BACKGROUND: The FAST-MI Tunisia registry was set up by the Tunisian Society of Cardiology and Cardiovascular Surgery to assess the demographic and clinical characteristics, management and hospital outcome of patients with ST-elevation myocardial infarction (STEMI).
METHODS: Data for 459 consecutive patients (mean age 60.8 years; 88.5% male) with STEMI, treated in 16 public hospitals (representing 72.2% of public hospitals in Tunisia treating STEMI patients), were collected prospectively.The most common risk factors were smoking (63.6%), hypertension (39.7%), diabetes (32%) and dyslipidaemia (18.2%).

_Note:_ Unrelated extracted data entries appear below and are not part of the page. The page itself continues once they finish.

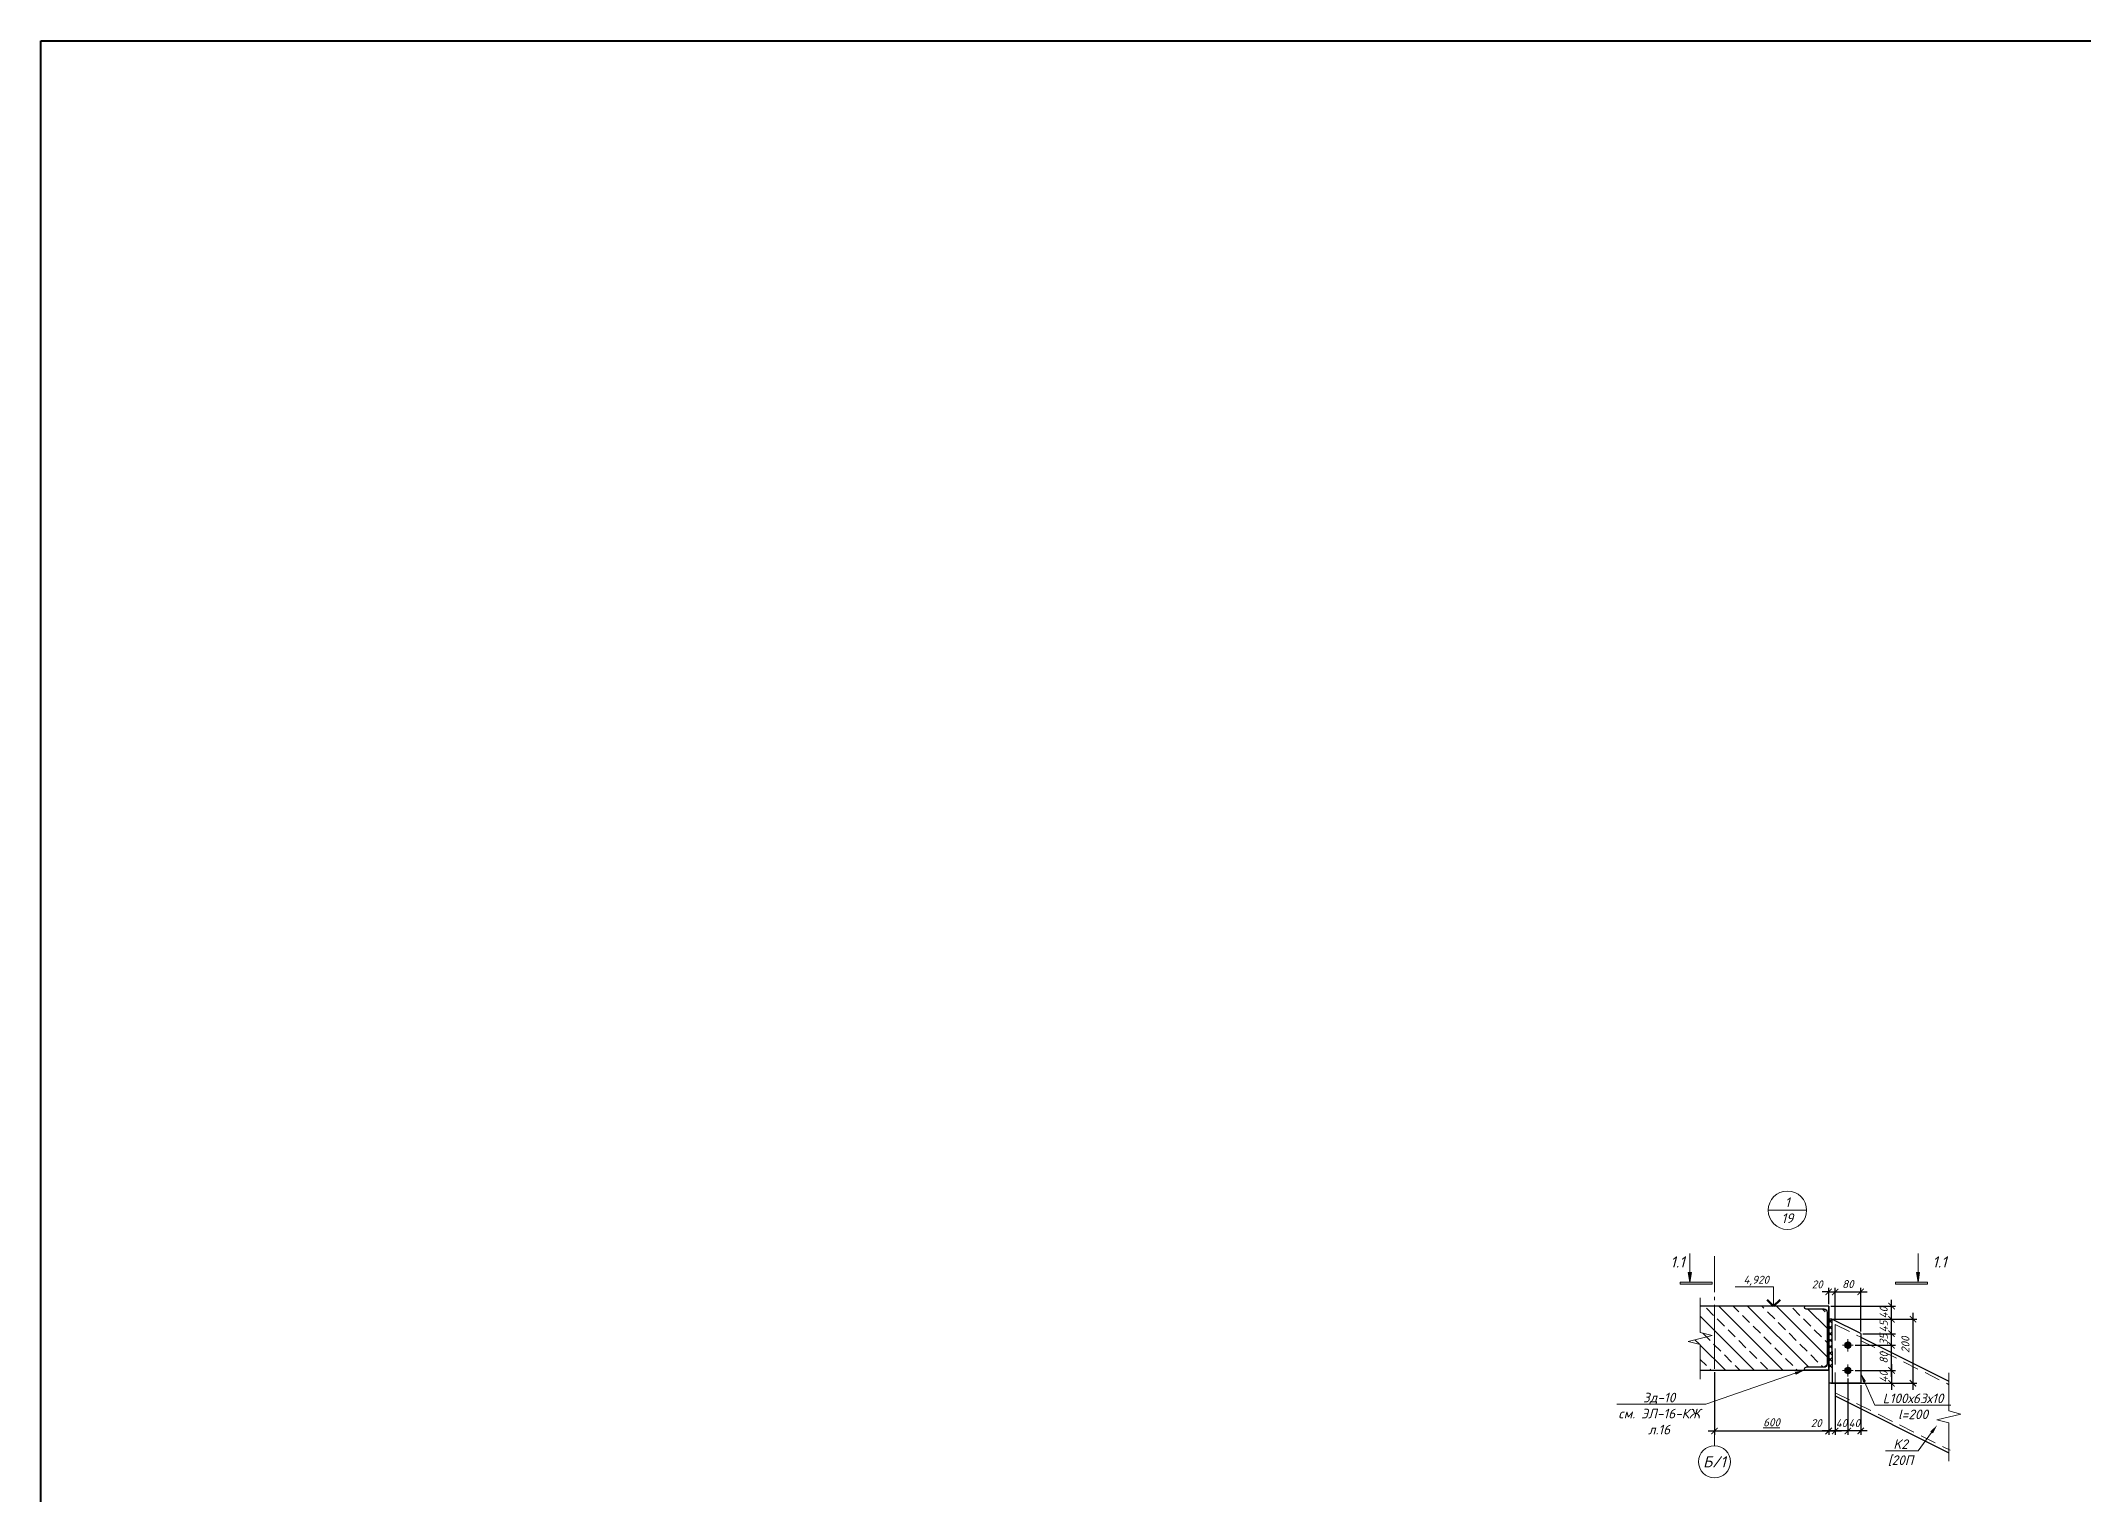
# Model space of a CAD drawing. Header units: millimetres. Extents: x -79646 to 95064, y -231229 to -58107.
# Drawn here: x -70144 to -63765, y -129500 to -124958 of the extents above; entities that cross this region are included whole.
import ezdxf
from ezdxf import colors
from ezdxf.entities.mleader import LeaderData, LeaderLine
from ezdxf.enums import TextEntityAlignment as Align
from ezdxf.math import Vec2, Vec3

# ---------------------------------------------------------------- set-up
doc = ezdxf.new("R2010")
doc.units = ezdxf.units.MM
doc.header["$PDMODE"] = 3
doc.linetypes.add('GOST2.303 5', pattern=[24, 20, -1.5, 1, -1.5])
doc.linetypes.add('HIDDEN', pattern=[0.375, 0.25, -0.125])
doc.layers.get('0').update_dxf_attribs({"lineweight": 5})
doc.layers.get('Defpoints').update_dxf_attribs({"lineweight": 0})
for name, color, linetype, lineweight in [('#Cварка', 96, 'Continuous', 30), ('#Dimensions', 7, 'Continuous', 9), ('#Выноски', 7, 'Continuous', 15), ('#Оси', 7, 'Continuous', 9), ('#Перекрытие разрез', 10, 'Continuous', 30), ('#разм', 7, 'Continuous', 9), ('A-okno', 7, 'Continuous', 0), ('k_ Металл', 1, 'Continuous', 30), ('k_ Металл_вид', 1, 'Continuous', 18), ('Металл для узлов', 7, 'Continuous', 30), ('Тонкие линии', 7, 'Continuous', 13)]:
    doc.layers.add(name, color=color, linetype=linetype, lineweight=lineweight)
doc.layers.add('#Hatch', color=252, linetype='Continuous', lineweight=5, true_color=0x696969)
doc.layers.add('Штриховка', color=252, linetype='Continuous', lineweight=5, true_color=0x696969)
doc.styles.add('ESKDW', font='eskdw.shx', dxfattribs={"oblique": 15})
doc.styles.get("Standard").update_dxf_attribs({"font": 'arial.ttf'})
doc.styles.add('STEP PR', font='isocpeui.ttf')
doc.dimstyles.new('SPDS', dxfattribs={"dimscale": 50, "dimtxt": 2.5, "dimasz": 2, "dimexe": 1.25, "dimexo": 0.625, "dimtad": 1, "dimdec": 0, "dimrnd": 0.001, "dimtxsty": 'ESKDW', "dimblk": 'ARCHTICK', "dimcen": 2.5, "dimdle": 2, "dimclrd": 256, "dimclre": 256, "dimclrt": 7, "dimadec": 0, "dimazin": 2, "dimtfac": 0.75, "dimtdec": 0, "dimtmove": 1, "dimatfit": 3, "dimfxl": 1, "dimtolj": 1, "dimarcsym": 1})
pattern_1 = [(315, (-1350.046, -18.206), (44.90128, 44.90128), []), (315, (-1350.046, -63.11), (44.90128, 44.90128), [31.75, -15.875])]

# ---------------------------------------------------------------- blocks, each defined once
blk = doc.blocks.new('*U104')
at = {"color": 0, "linetype": 'ByBlock', "lineweight": -2}
for p, q in [((0, 200), (0, 0)), ((0, 200), (76, 200)), ((76, 200), (76, 196.5)), ((5.2, 181.5), (5.2, 18.5)), ((14.7, 191), (70.5, 191)), ((0, 0), (76, 0)), ((14.7, 9), (70.5, 9)), ((76, 0), (76, 3.5))]:
    blk.add_line(p, q, dxfattribs=at)
for centre, radius, start, end in [((70.5, 196.5), 5.5, 270, 0), ((14.7, 181.5), 9.5, 90, 180), ((14.7, 18.5), 9.5, 180, 270), ((70.5, 3.5), 5.5, 0, 90)]:
    blk.add_arc(centre, radius, start, end, dxfattribs=at)
blk = doc.blocks.new('*U105')
at = {"color": 0, "linetype": 'ByBlock', "lineweight": -2}
for p, q in [((3.6125, 0), (3.925, 1.25)), ((3.925, 1.25), (4.55, -1.25)), ((3.6125, 0), (0, 0)), ((4.55, -1.25), (4.8625, 0)), ((8.475, 0), (4.8625, 0))]:
    blk.add_line(p, q, dxfattribs=at)
blk = doc.blocks.new('*U106')
at = {"color": 0, "linetype": 'ByBlock', "lineweight": -2}
for p, q in [((3.98, 0), (4.29, 1.25)), ((4.29, 1.25), (4.91, -1.25)), ((3.98, 0), (0, 0)), ((4.91, -1.25), (5.23, 0)), ((9.2, 0), (5.23, 0))]:
    blk.add_line(p, q, dxfattribs=at)
blk = doc.blocks.new('*U120')
at = {"layer": '#разм', "ltscale": 100, "elevation": 0}
for points in [[(4577173, -920400), (4575971, -920400)], [(4577173, -921000), (4577173, -920400)], [(4578032, -921000), (4577023, -921000)]]:
    blk.add_lwpolyline(points, dxfattribs=at)
at = {"layer": 'A-okno', "color": 0, "lineweight": 50, "ltscale": 100, "elevation": 0}
for points in [[(4577173, -921000), (4576973, -920800)], [(4577173, -921000), (4577373, -920800)]]:
    blk.add_lwpolyline(points, dxfattribs=at)
at = {"layer": '#разм', "style": 'STEP PR'}
for tag, p in [('ОТМЕТКА', (4576248, -920299)), ('ПРИМЕЧАНИЕ', (4577032, -920711))]:
    blk.add_attdef(tag, p, '', height=250, dxfattribs=at)
blk = doc.blocks.new('*U829')
at = {"color": 0, "linetype": 'ByBlock', "lineweight": -2}
blk.add_lwpolyline([(-6, 0), (6, 0)], dxfattribs=at)
blk.add_circle((0, 0), 6, dxfattribs=at)
for tag, p in [('Узел', (0, 2.5)), ('Лист', (0, -2.5))]:
    blk.add_attdef(tag, text='', height=3, dxfattribs=at).set_placement(p, align=Align.MIDDLE_CENTER)
blk = doc.blocks.new('*U126')
for p, q in [((-0.5, 0.5), (0.5, -0.5)), ((0.5, 0.5), (-0.5, -0.5)), ((1.5, 0.5), (2.5, -0.5)), ((2.5, 0.5), (1.5, -0.5)), ((3.5, 0.5), (4.5, -0.5)), ((4.5, 0.5), (3.5, -0.5)), ((5.5, 0.5), (6.5, -0.5)), ((6.5, 0.5), (5.5, -0.5)), ((7.5, 0.5), (8.5, -0.5)), ((8.5, 0.5), (7.5, -0.5)), ((9.5, 0.5), (10.5, -0.5)), ((10.5, 0.5), (9.5, -0.5)), ((11.5, 0.5), (12.5, -0.5)), ((12.5, 0.5), (11.5, -0.5)), ((13.5, 0.5), (14.5, -0.5)), ((14.5, 0.5), (13.5, -0.5))]:
    blk.add_line(p, q)
blk = doc.blocks.new('A$C04BC7B76')
at = {"layer": 'Металл для узлов', "color": 7, "lineweight": 30, "ltscale": 10}
blk.add_lwpolyline([(-1, 5.4), (5.3, -2.2), (-1, -9.9), (-7.4, -2.2), (-1, 5.4)], dxfattribs=at)
at = {"layer": 'Тонкие линии', "ltscale": 20}
for p, q in [((4.5, -7.5), (-6.5, 3.1)), ((-6.4, -7.6), (4.5, 3.2))]:
    blk.add_line(p, q, dxfattribs=at)
at = {"layer": 'Тонкие линии', "lineweight": 5, "ltscale": 100}
for p, q in [((-1, -16.6), (-1, 12.3)), ((-13.6, -2.2), (11.6, -2.2))]:
    blk.add_line(p, q, dxfattribs=at)
at = {"layer": 'Тонкие линии', "ltscale": 20}
for centre, radius in [((-0.9, -2.2), 7.67), ((-1.1, -2.2), 6.36)]:
    blk.add_circle(centre, radius, dxfattribs=at)
blk = doc.blocks.new('_ArchTick')
at = {"color": 0, "linetype": 'ByBlock', "const_width": 0.15}
blk.add_lwpolyline([(-0.5, -0.5), (0.5, 0.5)], dxfattribs=at)
blk = doc.blocks.new('*D397')
at = {"layer": '#Dimensions', "lineweight": -2, "transparency": 16777216}
for p, q in [((-64476.6, -129113.3), (-64350.8, -129113.3)), ((-64363.3, -129093.3), (-64363.3, -129173.3)), ((-64476.6, -129153.3), (-64350.8, -129153.3))]:
    blk.add_line(p, q, dxfattribs=at)
at = {"layer": 'Defpoints', "color": 0, "lineweight": 0, "transparency": 16777216}
for p in [(-64482.8, -129113.3, 0), (-64482.8, -129153.3, 0), (-64363.3, -129153.3)]:
    blk.add_point(p, dxfattribs=at)
at = {"layer": '#Dimensions', "lineweight": -2, "transparency": 16777216, "xscale": 20, "yscale": 20, "zscale": 20}
for p, rotation in [((-64363.3, -129113.3), 90), ((-64363.3, -129153.3), 270)]:
    blk.add_blockref('_ArchTick', p, dxfattribs=dict(at, rotation=rotation))
at = {"layer": '#Dimensions', "transparency": 16777216, "insert": (-64387.8, -129133.3), "char_height": 25, "attachment_point": 5, "rotation": 90, "style": 'STEP PR'}
blk.add_mtext('\\A1;40', dxfattribs=at)
blk = doc.blocks.new('*D398')
at = {"layer": '#Dimensions', "lineweight": -2, "transparency": 16777216}
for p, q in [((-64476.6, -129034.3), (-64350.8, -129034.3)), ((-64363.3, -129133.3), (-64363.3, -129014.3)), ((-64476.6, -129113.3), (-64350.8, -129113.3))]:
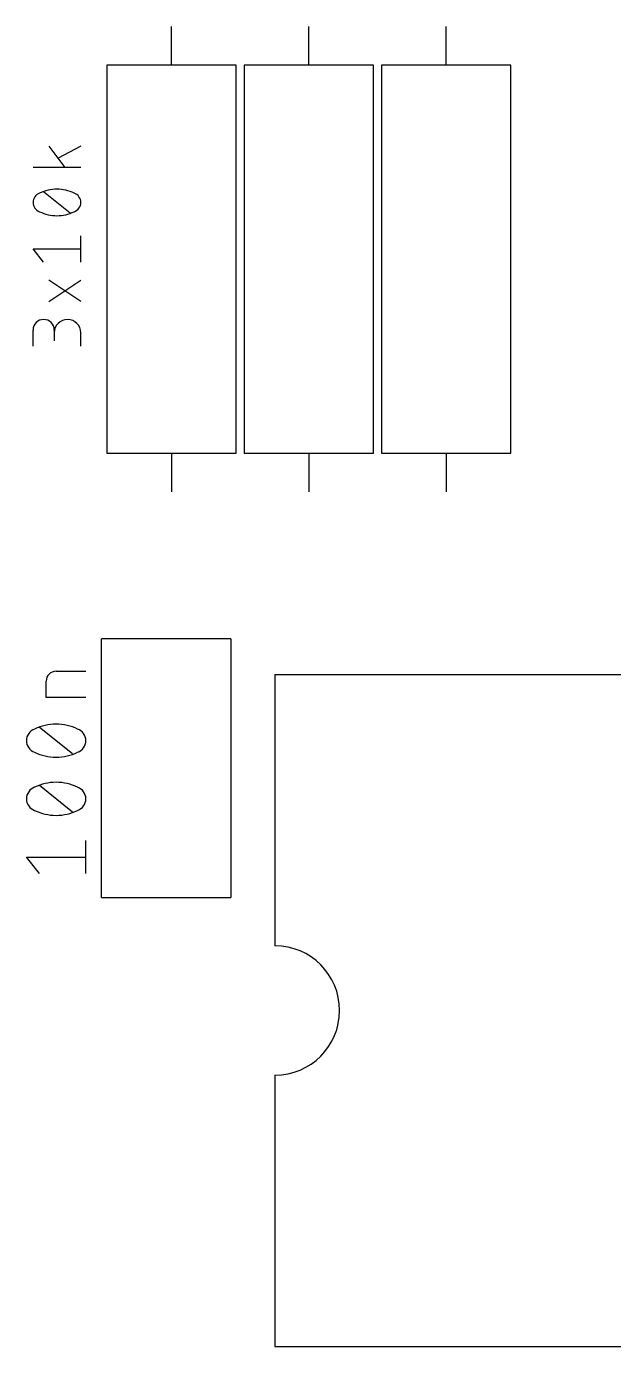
# Model space of a CAD drawing. Extents: x -8 to 66, y 0 to 104.
# Drawn here: x 14.61 to 26.15, y 18 to 43.94 of the extents above; entities that cross this region are included whole.
import ezdxf

# ---------------------------------------------------------------- set-up
doc = ezdxf.new("R2010")
doc.units = 0
doc.layers.add('21', color=253, linetype='CONTINUOUS')

msp = doc.modelspace()

# ---------------------------------------------------------------- linework, layer by layer
at = {"layer": '21'}
for p, q in [((17.4625, 43.18), (17.4625, 43.942)), ((20.1613, 43.18), (20.1613, 43.942)), ((22.86, 43.18), (22.86, 43.942)), ((16.1925, 43.18), (16.1925, 35.56)), ((18.7325, 43.18), (16.1925, 43.18)), ((18.7325, 35.56), (18.7325, 43.18)), ((18.8912, 43.18), (18.8912, 35.56)), ((21.4313, 43.18), (18.8912, 43.18)), ((21.4313, 35.56), (21.4313, 43.18)), ((21.59, 43.18), (21.59, 35.56)), ((24.13, 43.18), (21.59, 43.18)), ((24.13, 35.56), (24.13, 43.18)), ((15.0516, 41.5865), (15.3649, 41.1688)), ((15.6782, 41.5865), (15.2344, 41.3515)), ((15.6782, 41.1688), (14.7384, 41.1688)), ((15.4693, 40.2744), (14.9472, 40.6921)), ((15.6782, 39.3078), (15.6782, 39.8299)), ((14.9472, 39.3078), (14.7384, 39.5688)), ((14.7384, 39.5688), (15.6782, 39.5688)), ((15.6782, 38.537), (15.0516, 38.9547)), ((15.0516, 38.537), (15.6782, 38.9547)), ((14.7384, 37.6619), (14.7384, 37.9751)), ((15.156, 37.9751), (15.156, 37.7663)), ((15.6782, 37.6619), (15.6782, 37.9229)), ((16.1925, 35.56), (18.7325, 35.56)), ((17.4625, 35.56), (17.4625, 34.798)), ((18.8912, 35.56), (21.4313, 35.56)), ((20.1613, 35.56), (20.1613, 34.798)), ((21.59, 35.56), (24.13, 35.56)), ((22.86, 35.56), (22.86, 34.798)), ((16.0862, 26.8288), (16.0862, 31.9088)), ((18.6263, 31.9088), (16.0862, 31.9088)), ((18.6263, 31.9088), (18.6263, 26.8288)), ((15.1925, 31.2721), (15.7767, 31.2721)), ((19.4945, 31.2103), (19.4945, 25.8763)), ((19.4945, 31.2103), (54.8005, 31.2103)), ((14.9978, 30.7529), (14.9978, 31.0774)), ((15.7767, 30.7529), (14.9978, 30.7529)), ((15.5171, 29.648), (14.8679, 30.1672)), ((15.5171, 28.505), (14.8679, 29.0242)), ((15.7767, 27.2971), (15.7767, 27.9462)), ((14.8679, 27.2971), (14.6083, 27.6216)), ((14.6083, 27.6216), (15.7767, 27.6216)), ((16.0862, 26.8288), (18.6263, 26.8288)), ((19.4945, 23.3362), (19.4945, 18.0023)), ((19.4945, 18.0023), (54.8005, 18.0023))]:
    msp.add_line(p, q, dxfattribs=at)
for centre, radius, start, end in [((15.2083, 39.9698), 0.7745, 90.0001, 115.9888), ((15.2083, 39.9698), 0.7745, 64.0113, 90), ((14.9315, 40.4832), 0.1932, 108.9238, 180.0003), ((14.9315, 40.4832), 0.1932, 179.9999, 251.076), ((15.485, 40.4832), 0.1932, 360, 71.0747), ((15.485, 40.4832), 0.1932, 288.9255, 359.9999), ((15.2083, 40.9966), 0.7745, 244.0112, 269.9999), ((15.2083, 40.9966), 0.7745, 270, 295.9887), ((14.9472, 37.9751), 0.2088, 0, 180), ((15.4171, 37.9229), 0.2611, 0, 180), ((15.1925, 31.0774), 0.1947, 90.0009, 180), ((14.8485, 29.9076), 0.2402, 108.924, 180.0001), ((15.1925, 29.2693), 0.9629, 90.0001, 115.9889), ((15.1925, 29.2693), 0.9629, 64.0112, 90), ((15.5365, 29.9076), 0.2402, 0, 71.0747), ((14.8485, 29.9076), 0.2402, 180, 251.0758), ((15.5365, 29.9076), 0.2402, 288.9254, 359.9998), ((15.1925, 30.5459), 0.9629, 244.0111, 269.9999), ((15.1925, 30.5459), 0.9629, 270, 295.9888), ((15.1925, 28.1263), 0.9629, 90.0001, 115.9889), ((15.1925, 28.1263), 0.9629, 64.0112, 90), ((14.8485, 28.7646), 0.2402, 108.924, 180.0001), ((15.5365, 28.7646), 0.2402, 0, 71.0747), ((14.8485, 28.7646), 0.2402, 180, 251.0758), ((15.1925, 29.4029), 0.9629, 244.0111, 269.9999), ((15.1925, 29.4029), 0.9629, 270, 295.9888), ((15.5365, 28.7646), 0.2402, 288.9254, 359.9998), ((19.4945, 24.6063), 1.27, 270, 90)]:
    msp.add_arc(centre, radius, start, end, dxfattribs=at)

doc.saveas('drawing.dxf')

RESULTS: Among the 459 patients, 61.8% received reperfusion therapy: 30% with primary percutaneous coronary intervention (PPCI) and 31.8% with intravenous fibrinolysis (IF) (28.6% with pre-hospital thrombolysis). The median time from symptom onset to thrombolysis was 185 min and to PPCI was 358 min. In-hospital mortality was 5.3%. Compared with those managed at regional hospitals, patients managed at interventional university hospitals (n = 357) were more likely to receive reperfusion therapy (52.9% vs. 34.1%; p<0.001), with less IF (28.6% vs. 43.1%; p = 0.002) but more PPCI (37.8% vs. 3.9%; p<0.0001). However, in-hospital mortality in the two types of hospitals was similar (5.3% vs. 5.1%; p = 0.866).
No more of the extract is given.